Each year on November 11, Americans recognize the Veterans Day holiday and thank the veteran community for their contributions to the nation. Often, acknowledgment focuses on veterans in the traditional sense of the word—those who served in uniform as part of the official armed forces. However, this definition of a veteran excludes those Americans who supported the military from outside of the ranks, especially women.
As, I explain in my new book, Forgotten Veterans, Invisible Memorials: How American Women Commemorated the Great War, 1917-1945, many of the American women who served in World War I provide a prime example of a group that I call “unrecognized veterans.” Barred from equal opportunities to officially serve in the military due to their gender, these women served nonetheless—often in uniform and under oath, but as civilians. This distinction excluded them from being recognized by the government as veterans eligible for an array of benefits.
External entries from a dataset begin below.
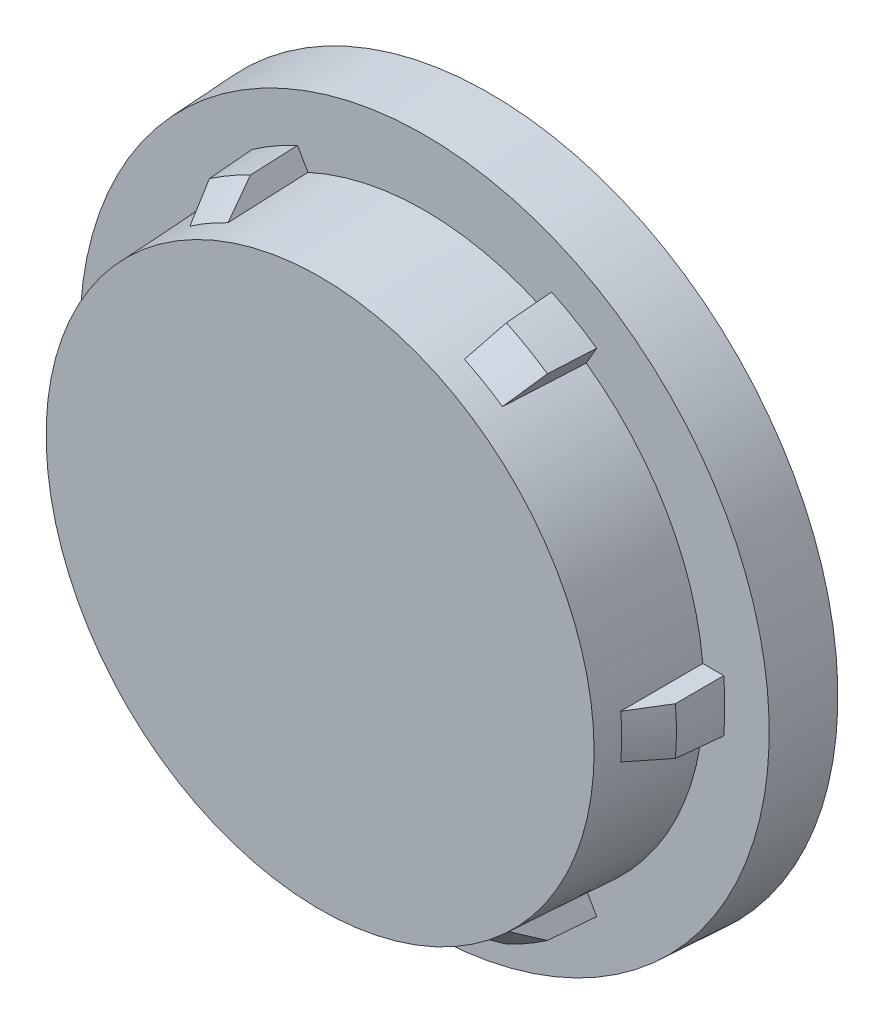
SolidWorks part; units mm, degrees
ref_plane "Front Plane" through (0, 0, 0) normal (0, 0, 1) x (1, 0, 0)
ref_plane "Top Plane" through (0, 0, 0) normal (0, 1, 0) x (1, 0, 0)
ref_plane "Right Plane" through (0, 0, 0) normal (1, 0, 0) x (0, 0, -1)
sketch "Sketch1" plane through (0, 0, 0) normal (0, 0, 1) x (1, 0, 0)
  circle A0 centre (0, 0) radius 5.25
  dimension "D1" = 10.5
extrude "Base Extrusion" add sketch "Sketch1" against normal blind 2
sketch "Sketch3" plane through (0, 0, -2) normal (0, 0, -1) x (-1, 0, 0)
  circle A0 centre (0, 0) radius 6.5
  circle A1 centre (0, 0) radius 5.25 construction
  dimension "D1" = 1.25
extrude "Lens Mounting Flange" add sketch "Sketch3" along normal blind 1.25
sketch "Sketch5" plane through (0, 0, -3.25) normal (0, 0, -1) x (-1, 0, 0)
  circle A0 centre (0, 0) radius 4.25
  dimension "D1" = 8.5
extrude "Inner Cavity" cut sketch "Sketch5" against normal offset from surface (2.25 mm away) 1 up to face at (5.25, 0, 0)
draft "Outside Draft" type of draft neutral plane draft angle 3 faces to draft 2 face at (-6.5, 0, -3.25) face at (-5.25, 0, -2) neutral plane through (0, 0, 0) neutral plane normal (0, 0, 1) parameters "D1"=3
draft "Inside Draft" type of draft neutral plane draft angle 3 faces to draft 1 face at (-4.25, 0, -3.25) neutral plane through (0, 0, -1) neutral plane normal (0, 0, -1) parameters "D1"=3
sketch "Sketch6" plane through (0, 0, -3.25) normal (0, 0, -1) x (-1, 0, 0)
  line L0 (0, 8) -> (0, -8) construction
  line L3 (-1.6, 8) -> (-1.6, 9.6)
  line L4 (-1.6, 9.6) -> (1.6, 9.6)
  line L5 (1.6, 8) -> (1.6, 9.6)
  line L6 (-1.6, -8) -> (-1.6, -9.6)
  line L7 (-1.6, -9.6) -> (1.6, -9.6)
  line L8 (1.6, -8) -> (1.6, -9.6)
  arc A0 (-1.6, 8) -> (1.6, 8) centre (0, 8) ccw
  arc A1 (1.6, -8) -> (-1.6, -8) centre (0, -8) ccw
  point P3 (0, 0)
  dimension "D1" = 3.2
  dimension "D2" = 16
extrude "Mounting Post Holes" [suppressed] cut sketch "Sketch6" against normal through all draft 3 draft outward yes
sketch "Sketch7" plane through (0, 0, -2) normal (0, 0, 1) x (1, 0, 0)
  line L0 (0, 0) -> (-6.6048, 0) construction
  line L1 (-5.7331, 0.5) -> (-4.7331, 0.5)
  line L2 (-4.7331, 0.5) -> (-4.7331, -0.5)
  line L3 (-4.7331, -0.5) -> (-5.7331, -0.5)
  circle A0 centre (0, 0) radius 6.6048 construction
  arc A2 (-5.7331, 0.5) -> (-5.7331, -0.5) centre (0, 0) ccw
  circle A3 centre (0, 0) radius 5.3548 construction
  point P0 (-4.7331, 0)
  dimension "D1" = 1
  dimension "D2" = 0.4
  dimension "D3" = 1
extrude "Interference Rib" add sketch "Sketch7" along normal blind 1.5 draft 3
chamfer "Interference Rib Chamfer" distance 0.4 angle 55 1 edges at (-5.6762, 0, -0.5) first distance on face at (-5.4681, 0, -0.5)
pattern_circular "Interference Rib Pattren" count 6 over 360 about axis through (0, 0, 0) along (0, 0, 1) of "Interference Rib", "Interference Rib Chamfer"

Yet, as I explain in the book, many of these women pushed back and called themselves veterans nonetheless. They believed that their wartime contributions made them veterans, even if the government did not bestow that status upon them. A riveting photo in the collection of the National WWI Museum and Memorial illustrates this well. Taken on Veterans Day in 1968, it shows four elderly women sitting around a table in their wartime uniforms holding a yellowed copy of an old newspaper from the day that World War I ended. As members of the Women’s Overseas Service League (WOSL), an organization created to unite women who had served overseas during World War I, they had served in different wartime organizations. Two served with the YMCA, one with the American Red Cross, and one with the Army Nurse Corps. Only the woman who had served with the Army Nurse Corps met the government’s definition of an official military veteran, but that made no difference to these women. As members of the WOSL, they recognized all women who served overseas as veterans, and they celebrated Veterans Day together on the 50th anniversary of the war’s conclusion. Their pride in their wartime service, so evident in this photo, provides an important reminder to include the unrecognized female veterans of World War I and throughout American history in our messages of appreciation on Veterans Day.